**THE PROBLEM:** Tally the lines of the data that include the word "body" and state the total, nothing else.

**Collected data:**
____

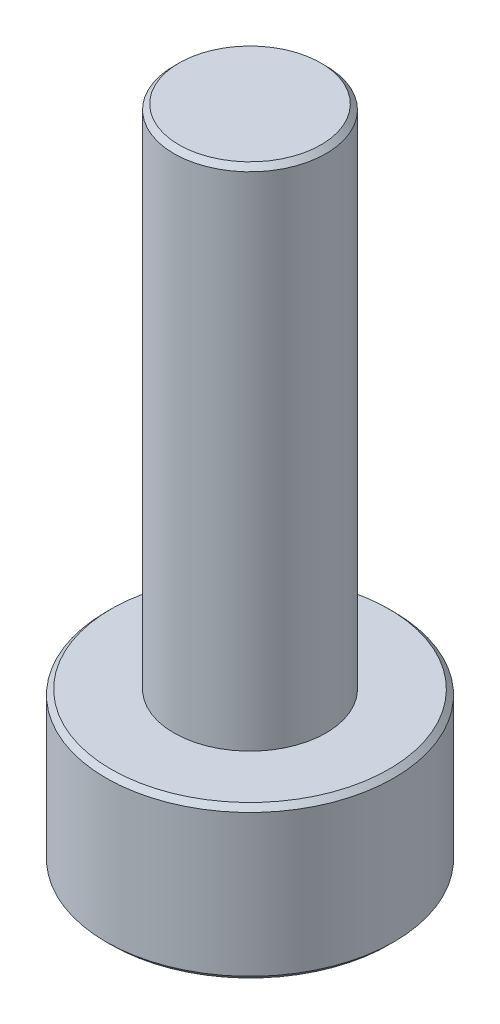
from build123d import *

# Parameters (mm, degrees)
SKETCH_1_R            = 2.84
EXTRUDE_261_DEPTH     = 3
SKETCH_2_R            = 1.5
EXTRUDE_346_DEPTH     = 10
CUT_EXTRUDE_531_DEPTH = 1.3
CHAMFER_593_SIZE      = 0.1


with BuildPart() as part:
    # 草图1 → Extrude 261 (new body)
    with BuildSketch(Plane(origin=(0, 0, 0), x_dir=(1, 0, 0), z_dir=(0, 1, 0))):
        with Locations(Location((0, 0, 0), (0, 0, 270))):
            Circle(SKETCH_1_R)
    extrude(amount=EXTRUDE_261_DEPTH)

    # 草图2 → Extrude 346 (add)
    with BuildSketch(Plane(origin=(0, 3, 0), x_dir=(1, 0, 0), z_dir=(0, 1, 0))):
        with Locations(Location((0, 0, 0), (0, 0, 270))):
            Circle(SKETCH_2_R)
    extrude(amount=EXTRUDE_346_DEPTH)

    # 草图3 → Cut-Extrude 531 (cut)
    with BuildSketch(Plane.XZ):
        Polygon((1.29, -0.744781847), (1.29, 0.744781847), (0, 1.489563695), (-1.29, 0.744781847), (-1.29, -0.744781847), (0, -1.489563695), align=None)
    extrude(amount=-CUT_EXTRUDE_531_DEPTH, mode=Mode.SUBTRACT)

    # Chamfer 593
    chamfer_593_edges = [part.edges().sort_by_distance(p)[0] for p in [
        (0, 0, -2.84),
        (0, 3, -2.84),
        (0, 13, -1.5),
    ]]
    chamfer(chamfer_593_edges, length=CHAMFER_593_SIZE)


solid = part.part
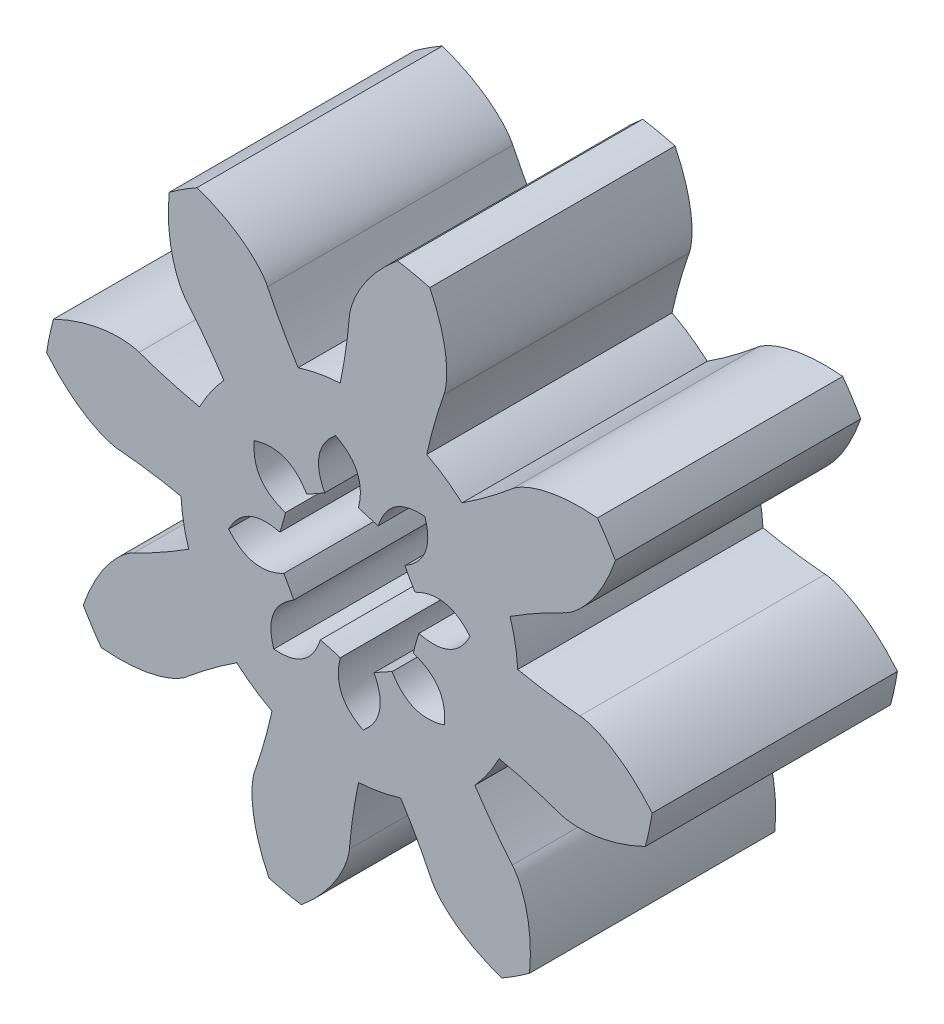
from build123d import *

# Parameters (mm, degrees)
EXTRUDE_1_DEPTH     = 6
CUT_EXTRUDE_2_DEPTH = 13.072478875


with BuildPart() as part:
    # 草图3 → 凸台-拉伸1 (new body)
    with BuildSketch(Plane.XY):
        with BuildLine():
            ThreePointArc((1.96696161, 7.237476219), (1.572644821, 7.333265866), (1.173724408, 7.407588745))
            add(Edge.make_bspline(
                [(0, 5.638155725), (0.000101301, 5.642726784), (0.000698877, 5.655536283), (0.003065727, 5.679693247), (0.008677882, 5.718928613), (0.018389094, 5.768580359), (0.033859291, 5.832228407), (0.055806057, 5.906403992), (0.083784426, 5.986918794), (0.118334002, 6.07327269), (0.156394653, 6.158200837), (0.19765593, 6.241670062), (0.24170094, 6.32361733), (0.298467235, 6.421345545), (0.371249724, 6.536317731), (0.463001824, 6.667175795), (0.57481499, 6.811191211), (0.696749171, 6.952856984), (0.823199958, 7.08792075), (0.958057827, 7.219031448), (1.061137976, 7.312626755), (1.134543326, 7.375061417), (1.172172164, 7.406301334), (1.173724408, 7.407588745)],
                knots=[0, 0, 0, 0, 0, 0.005376748, 0.015083688, 0.02853182, 0.046610139, 0.064854849, 0.092110525, 0.119476175, 0.146842495, 0.174208853, 0.201574955, 0.228941013, 0.256307345, 0.307035032, 0.361767351, 0.41649966, 0.471231936, 0.525964281, 0.580696615, 0.635428982, 0.637783596, 0.637783596, 0.637783596, 0.637783596, 0.637783596], degree=4))
            ThreePointArc((0, 5.638155725), (-0.088628717, 4.875171301), (-0.223287642, 4.118952249))
            ThreePointArc((-0.223287642, 4.118952249), (-0.744361744, 4.057283647), (-1.253391705, 3.929966187))
            ThreePointArc((-1.253391705, 3.929966187), (-1.647722087, 4.589135233), (-2.001421553, 5.270968767))
            add(Edge.make_bspline(
                [(-2.001421553, 5.270968767), (-2.003138882, 5.275206175), (-2.008244632, 5.286969324), (-2.019032532, 5.308712877), (-2.038206887, 5.343400834), (-2.064910933, 5.386371725), (-2.101967288, 5.44038309), (-2.148815468, 5.501937342), (-2.203552723, 5.567276881), (-2.266505983, 5.635742607), (-2.332235549, 5.701629081), (-2.400439414, 5.765015494), (-2.470705458, 5.825990904), (-2.558466198, 5.897203745), (-2.667321304, 5.978852139), (-2.799549757, 6.068618042), (-2.955203361, 6.16356318), (-3.119484774, 6.25271896), (-3.28564508, 6.334099394), (-3.458261702, 6.408799875), (-3.587852998, 6.459708563), (-3.678640733, 6.492019857), (-3.724908464, 6.507867851), (-3.72681662, 6.508520406)],
                knots=[0, 0, 0, 0, 0, 0.005376748, 0.015083688, 0.02853182, 0.046610139, 0.064854849, 0.092110525, 0.119476175, 0.146842495, 0.174208853, 0.201574955, 0.228941013, 0.256307345, 0.307035032, 0.361767351, 0.41649966, 0.471231936, 0.525964281, 0.580696615, 0.635428982, 0.637783596, 0.637783596, 0.637783596, 0.637783596, 0.637783596], degree=4))
            ThreePointArc((-3.72681662, 6.508520406), (-4.073374205, 6.29742984), (-4.408007746, 6.067904722))
            add(Edge.make_bspline(
                [(-3.986778146, 3.986778146), (-3.989938743, 3.990082004), (-3.998573876, 3.999562238), (-4.013981813, 4.018317406), (-4.037757014, 4.050029393), (-4.065999237, 4.092005343), (-4.100066122, 4.14795039), (-4.136997474, 4.215919156), (-4.174146342, 4.292635413), (-4.210777528, 4.378127078), (-4.243917852, 4.465093291), (-4.273763378, 4.553291075), (-4.300564322, 4.64238107), (-4.329528774, 4.751625185), (-4.359361394, 4.884387789), (-4.387013487, 5.041796946), (-4.409783915, 5.222695071), (-4.423736259, 5.409088386), (-4.429826555, 5.594007099), (-4.427176904, 5.782075277), (-4.420470108, 5.921145825), (-4.41271266, 6.017199219), (-4.408195011, 6.065896782), (-4.408007746, 6.067904722)],
                knots=[0, 0, 0, 0, 0, 0.005376748, 0.015083688, 0.02853182, 0.046610139, 0.064854849, 0.092110525, 0.119476175, 0.146842495, 0.174208853, 0.201574955, 0.228941013, 0.256307345, 0.307035032, 0.361767351, 0.41649966, 0.471231936, 0.525964281, 0.580696615, 0.635428982, 0.637783596, 0.637783596, 0.637783596, 0.637783596, 0.637783596], degree=4))
            ThreePointArc((-3.986778146, 3.986778146), (-3.509936653, 3.38459672), (-3.070427273, 2.754650861))
            ThreePointArc((-3.070427273, 2.754650861), (-3.395276017, 2.342589543), (-3.665187515, 1.892623967))
            ThreePointArc((-3.665187515, 1.892623967), (-4.410124104, 2.079893182), (-5.142356511, 2.311919007))
            add(Edge.make_bspline(
                [(-5.142356511, 2.311919007), (-5.146567146, 2.313700971), (-5.158495259, 2.318408463), (-5.181498469, 2.32615528), (-5.219584875, 2.337125052), (-5.268852496, 2.348627449), (-5.333247098, 2.360616451), (-5.409899193, 2.371015216), (-5.494806309, 2.378512162), (-5.587733565, 2.382410064), (-5.680800159, 2.382521015), (-5.773848537, 2.379114562), (-5.866650259, 2.372545092), (-5.979061557, 2.36084396), (-6.113767873, 2.341605909), (-6.270741587, 2.311580352), (-6.447941657, 2.268652984), (-6.627148815, 2.21553114), (-6.802186551, 2.155582718), (-6.977066152, 2.08634555), (-7.104698914, 2.030708544), (-7.191743073, 1.989359456), (-7.235665523, 1.967849454), (-7.237476219, 1.96696161)],
                knots=[0, 0, 0, 0, 0, 0.005376748, 0.015083688, 0.02853182, 0.046610139, 0.064854849, 0.092110525, 0.119476175, 0.146842495, 0.174208853, 0.201574955, 0.228941013, 0.256307345, 0.307035032, 0.361767351, 0.41649966, 0.471231936, 0.525964281, 0.580696615, 0.635428982, 0.637783596, 0.637783596, 0.637783596, 0.637783596, 0.637783596], degree=4))
            ThreePointArc((-7.237476219, 1.96696161), (-7.333265866, 1.572644821), (-7.407588745, 1.173724408))
            add(Edge.make_bspline(
                [(-5.638155725, 0), (-5.642726784, 0.000101301), (-5.655536283, 0.000698877), (-5.679693247, 0.003065727), (-5.718928613, 0.008677882), (-5.768580359, 0.018389094), (-5.832228407, 0.033859291), (-5.906403992, 0.055806057), (-5.986918794, 0.083784426), (-6.07327269, 0.118334002), (-6.158200837, 0.156394653), (-6.241670062, 0.19765593), (-6.32361733, 0.24170094), (-6.421345545, 0.298467235), (-6.536317731, 0.371249724), (-6.667175795, 0.463001824), (-6.811191211, 0.57481499), (-6.952856984, 0.696749171), (-7.08792075, 0.823199958), (-7.219031448, 0.958057827), (-7.312626755, 1.061137976), (-7.375061417, 1.134543326), (-7.406301334, 1.172172164), (-7.407588745, 1.173724408)],
                knots=[0, 0, 0, 0, 0, 0.005376748, 0.015083688, 0.02853182, 0.046610139, 0.064854849, 0.092110525, 0.119476175, 0.146842495, 0.174208853, 0.201574955, 0.228941013, 0.256307345, 0.307035032, 0.361767351, 0.41649966, 0.471231936, 0.525964281, 0.580696615, 0.635428982, 0.637783596, 0.637783596, 0.637783596, 0.637783596, 0.637783596], degree=4))
            ThreePointArc((-5.638155725, 0), (-4.875171301, -0.088628717), (-4.118952249, -0.223287642))
            ThreePointArc((-4.118952249, -0.223287642), (-4.057283647, -0.744361744), (-3.929966187, -1.253391705))
            ThreePointArc((-3.929966187, -1.253391705), (-4.589135233, -1.647722087), (-5.270968767, -2.001421553))
            add(Edge.make_bspline(
                [(-5.270968767, -2.001421553), (-5.275206175, -2.003138882), (-5.286969324, -2.008244632), (-5.308712877, -2.019032532), (-5.343400834, -2.038206887), (-5.386371725, -2.064910933), (-5.44038309, -2.101967288), (-5.501937342, -2.148815468), (-5.567276881, -2.203552723), (-5.635742607, -2.266505983), (-5.701629081, -2.332235549), (-5.765015494, -2.400439414), (-5.825990904, -2.470705458), (-5.897203745, -2.558466198), (-5.978852139, -2.667321304), (-6.068618042, -2.799549757), (-6.16356318, -2.955203361), (-6.25271896, -3.119484774), (-6.334099394, -3.28564508), (-6.408799875, -3.458261702), (-6.459708563, -3.587852998), (-6.492019857, -3.678640733), (-6.507867851, -3.724908464), (-6.508520406, -3.72681662)],
                knots=[0, 0, 0, 0, 0, 0.005376748, 0.015083688, 0.02853182, 0.046610139, 0.064854849, 0.092110525, 0.119476175, 0.146842495, 0.174208853, 0.201574955, 0.228941013, 0.256307345, 0.307035032, 0.361767351, 0.41649966, 0.471231936, 0.525964281, 0.580696615, 0.635428982, 0.637783596, 0.637783596, 0.637783596, 0.637783596, 0.637783596], degree=4))
            ThreePointArc((-6.508520406, -3.72681662), (-6.29742984, -4.073374205), (-6.067904722, -4.408007746))
            add(Edge.make_bspline(
                [(-3.986778146, -3.986778146), (-3.990082004, -3.989938743), (-3.999562238, -3.998573876), (-4.018317406, -4.013981813), (-4.050029393, -4.037757014), (-4.092005343, -4.065999237), (-4.14795039, -4.100066122), (-4.215919156, -4.136997474), (-4.292635413, -4.174146342), (-4.378127078, -4.210777528), (-4.465093291, -4.243917852), (-4.553291075, -4.273763378), (-4.64238107, -4.300564322), (-4.751625185, -4.329528774), (-4.884387789, -4.359361394), (-5.041796946, -4.387013487), (-5.222695071, -4.409783915), (-5.409088386, -4.423736259), (-5.594007099, -4.429826555), (-5.782075277, -4.427176904), (-5.921145825, -4.420470108), (-6.017199219, -4.41271266), (-6.065896782, -4.408195011), (-6.067904722, -4.408007746)],
                knots=[0, 0, 0, 0, 0, 0.005376748, 0.015083688, 0.02853182, 0.046610139, 0.064854849, 0.092110525, 0.119476175, 0.146842495, 0.174208853, 0.201574955, 0.228941013, 0.256307345, 0.307035032, 0.361767351, 0.41649966, 0.471231936, 0.525964281, 0.580696615, 0.635428982, 0.637783596, 0.637783596, 0.637783596, 0.637783596, 0.637783596], degree=4))
            ThreePointArc((-3.986778146, -3.986778146), (-3.38459672, -3.509936653), (-2.754650861, -3.070427273))
            ThreePointArc((-2.754650861, -3.070427273), (-2.342589543, -3.395276017), (-1.892623967, -3.665187515))
            ThreePointArc((-1.892623967, -3.665187515), (-2.079893182, -4.410124104), (-2.311919007, -5.142356511))
            add(Edge.make_bspline(
                [(-2.311919007, -5.142356511), (-2.313700971, -5.146567146), (-2.318408463, -5.158495259), (-2.32615528, -5.181498469), (-2.337125052, -5.219584875), (-2.348627449, -5.268852496), (-2.360616451, -5.333247098), (-2.371015216, -5.409899193), (-2.378512162, -5.494806309), (-2.382410064, -5.587733565), (-2.382521015, -5.680800159), (-2.379114562, -5.773848537), (-2.372545092, -5.866650259), (-2.36084396, -5.979061557), (-2.341605909, -6.113767873), (-2.311580352, -6.270741587), (-2.268652984, -6.447941657), (-2.21553114, -6.627148815), (-2.155582718, -6.802186551), (-2.08634555, -6.977066152), (-2.030708544, -7.104698914), (-1.989359456, -7.191743073), (-1.967849454, -7.235665523), (-1.96696161, -7.237476219)],
                knots=[0, 0, 0, 0, 0, 0.005376748, 0.015083688, 0.02853182, 0.046610139, 0.064854849, 0.092110525, 0.119476175, 0.146842495, 0.174208853, 0.201574955, 0.228941013, 0.256307345, 0.307035032, 0.361767351, 0.41649966, 0.471231936, 0.525964281, 0.580696615, 0.635428982, 0.637783596, 0.637783596, 0.637783596, 0.637783596, 0.637783596], degree=4))
            ThreePointArc((-1.96696161, -7.237476219), (-1.572644821, -7.333265866), (-1.173724408, -7.407588745))
            add(Edge.make_bspline(
                [(0, -5.638155725), (-0.000101301, -5.642726784), (-0.000698877, -5.655536283), (-0.003065727, -5.679693247), (-0.008677882, -5.718928613), (-0.018389094, -5.768580359), (-0.033859291, -5.832228407), (-0.055806057, -5.906403992), (-0.083784426, -5.986918794), (-0.118334002, -6.07327269), (-0.156394653, -6.158200837), (-0.19765593, -6.241670062), (-0.24170094, -6.32361733), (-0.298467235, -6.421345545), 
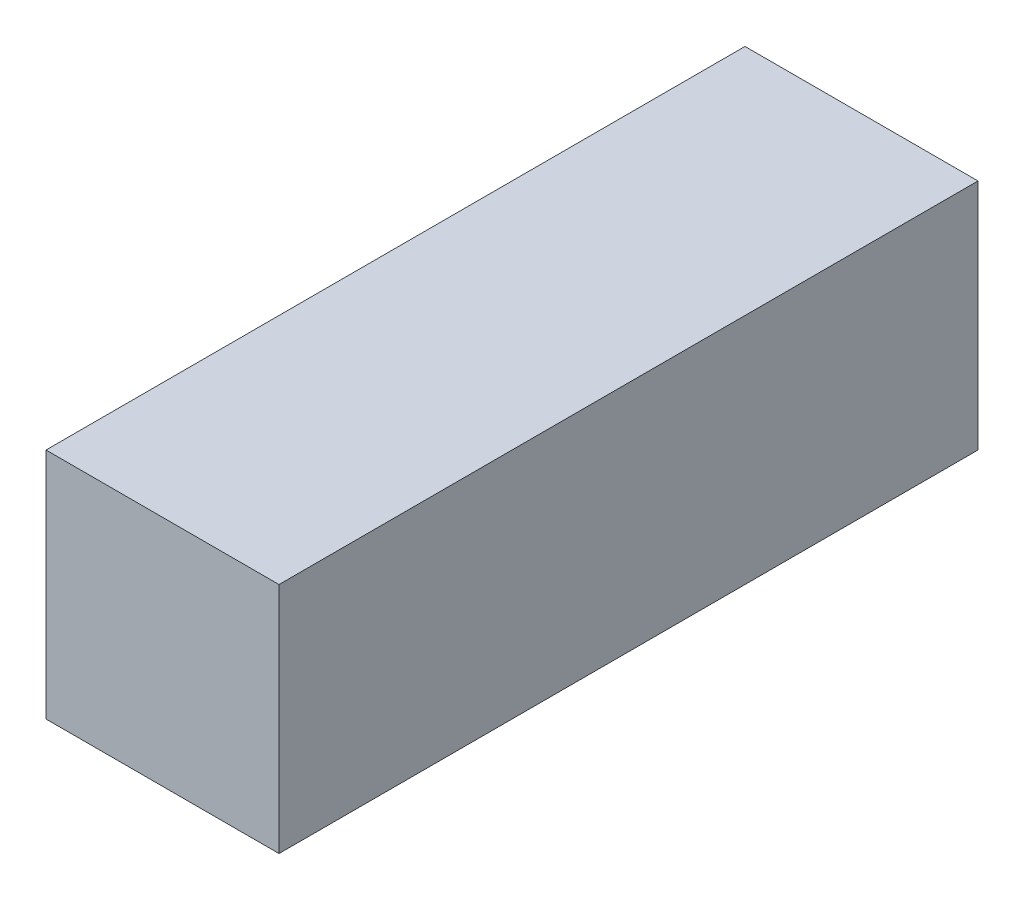
from build123d import *

# Parameters (mm, degrees)
SKETCH2_W           = 100
SKETCH2_H           = 100
BOSS_EXTRUDE1_DEPTH = 300


with BuildPart() as part:
    # Sketch2 → Boss-Extrude1 (new body)
    with BuildSketch(Plane.XY):
        with Locations((8.278145695, -23.509933775)):
            Rectangle(SKETCH2_W, SKETCH2_H)
    extrude(amount=BOSS_EXTRUDE1_DEPTH)


solid = part.part
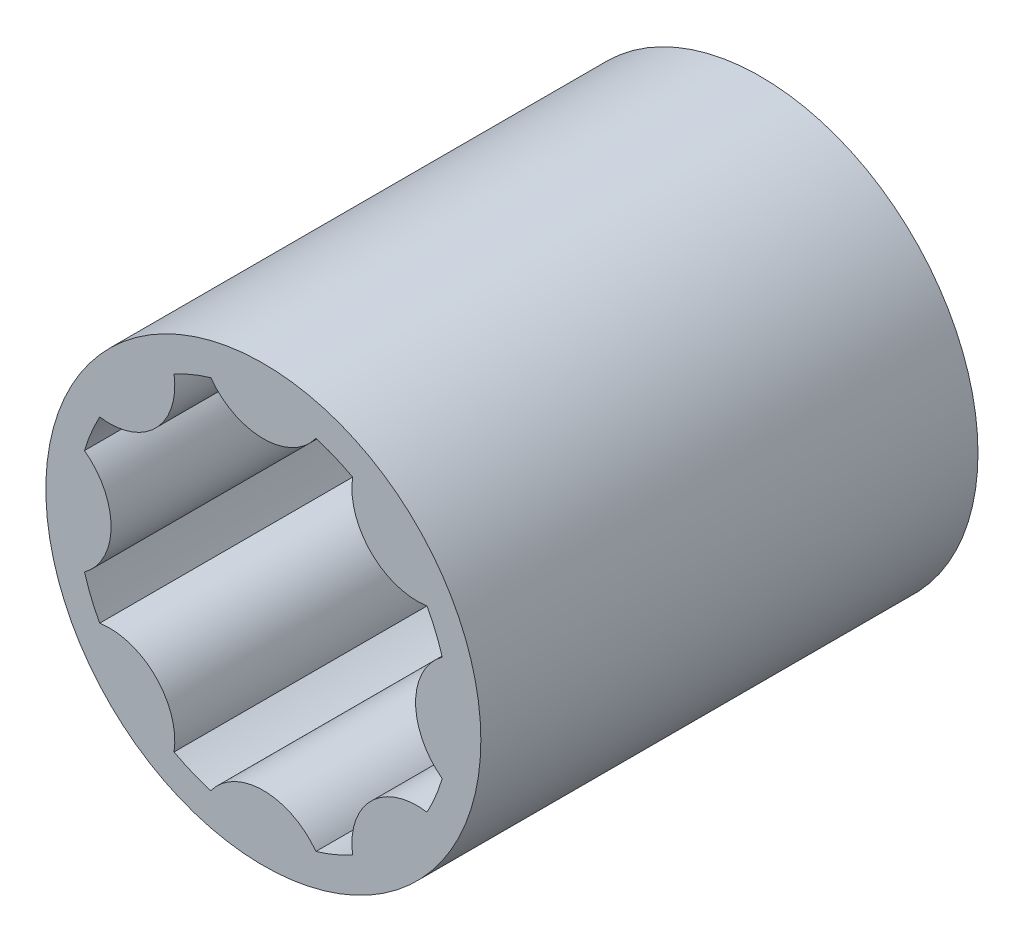
from build123d import *

# Parameters (mm, degrees)
SKETCH1_R           = 17.5
BOSS_EXTRUDE1_DEPTH = 40


with BuildPart() as part:
    # Sketch1 → Boss-Extrude1 (new body)
    with BuildSketch(Plane.XY):
        Circle(SKETCH1_R)
        with BuildLine():
            ThreePointArc((-13.167433825, 7.184614567), (-13.858192988, 5.740251485), (-14.391071429, 4.230492068))
            ThreePointArc((-14.391071429, 4.230492068), (-12.25, 0), (-14.391071429, -4.230492068))
            ThreePointArc((-14.391071429, -4.230492068), (-13.858192988, -5.740251485), (-13.167433825, -7.184614567))
            ThreePointArc((-13.167433825, -7.184614567), (-8.66205807, -8.66205807), (-7.184614567, -13.167433825))
            ThreePointArc((-7.184614567, -13.167433825), (-5.740251485, -13.858192988), (-4.230492068, -14.391071429))
            ThreePointArc((-4.230492068, -14.391071429), (0, -12.25), (4.230492068, -14.391071429))
            ThreePointArc((4.230492068, -14.391071429), (5.740251485, -13.858192988), (7.184614567, -13.167433825))
            ThreePointArc((7.184614567, -13.167433825), (8.66205807, -8.66205807), (13.167433825, -7.184614567))
            ThreePointArc((13.167433825, -7.184614567), (13.858192988, -5.740251485), (14.391071429, -4.230492068))
            ThreePointArc((14.391071429, -4.230492068), (12.25, 0), (14.391071429, 4.230492068))
            ThreePointArc((14.391071429, 4.230492068), (13.858192988, 5.740251485), (13.167433825, 7.184614567))
            ThreePointArc((13.167433825, 7.184614567), (8.66205807, 8.66205807), (7.184614567, 13.167433825))
            ThreePointArc((7.184614567, 13.167433825), (5.740251485, 13.858192988), (4.230492068, 14.391071429))
            ThreePointArc((4.230492068, 14.391071429), (0, 12.25), (-4.230492068, 14.391071429))
            ThreePointArc((-4.230492068, 14.391071429), (-5.740251485, 13.858192988), (-7.184614567, 13.167433825))
            ThreePointArc((-7.184614567, 13.167433825), (-8.66205807, 8.66205807), (-13.167433825, 7.184614567))
        make_face(mode=Mode.SUBTRACT)
    extrude(amount=BOSS_EXTRUDE1_DEPTH)


solid = part.part

____

**PROBLEM SOLUTION:** 4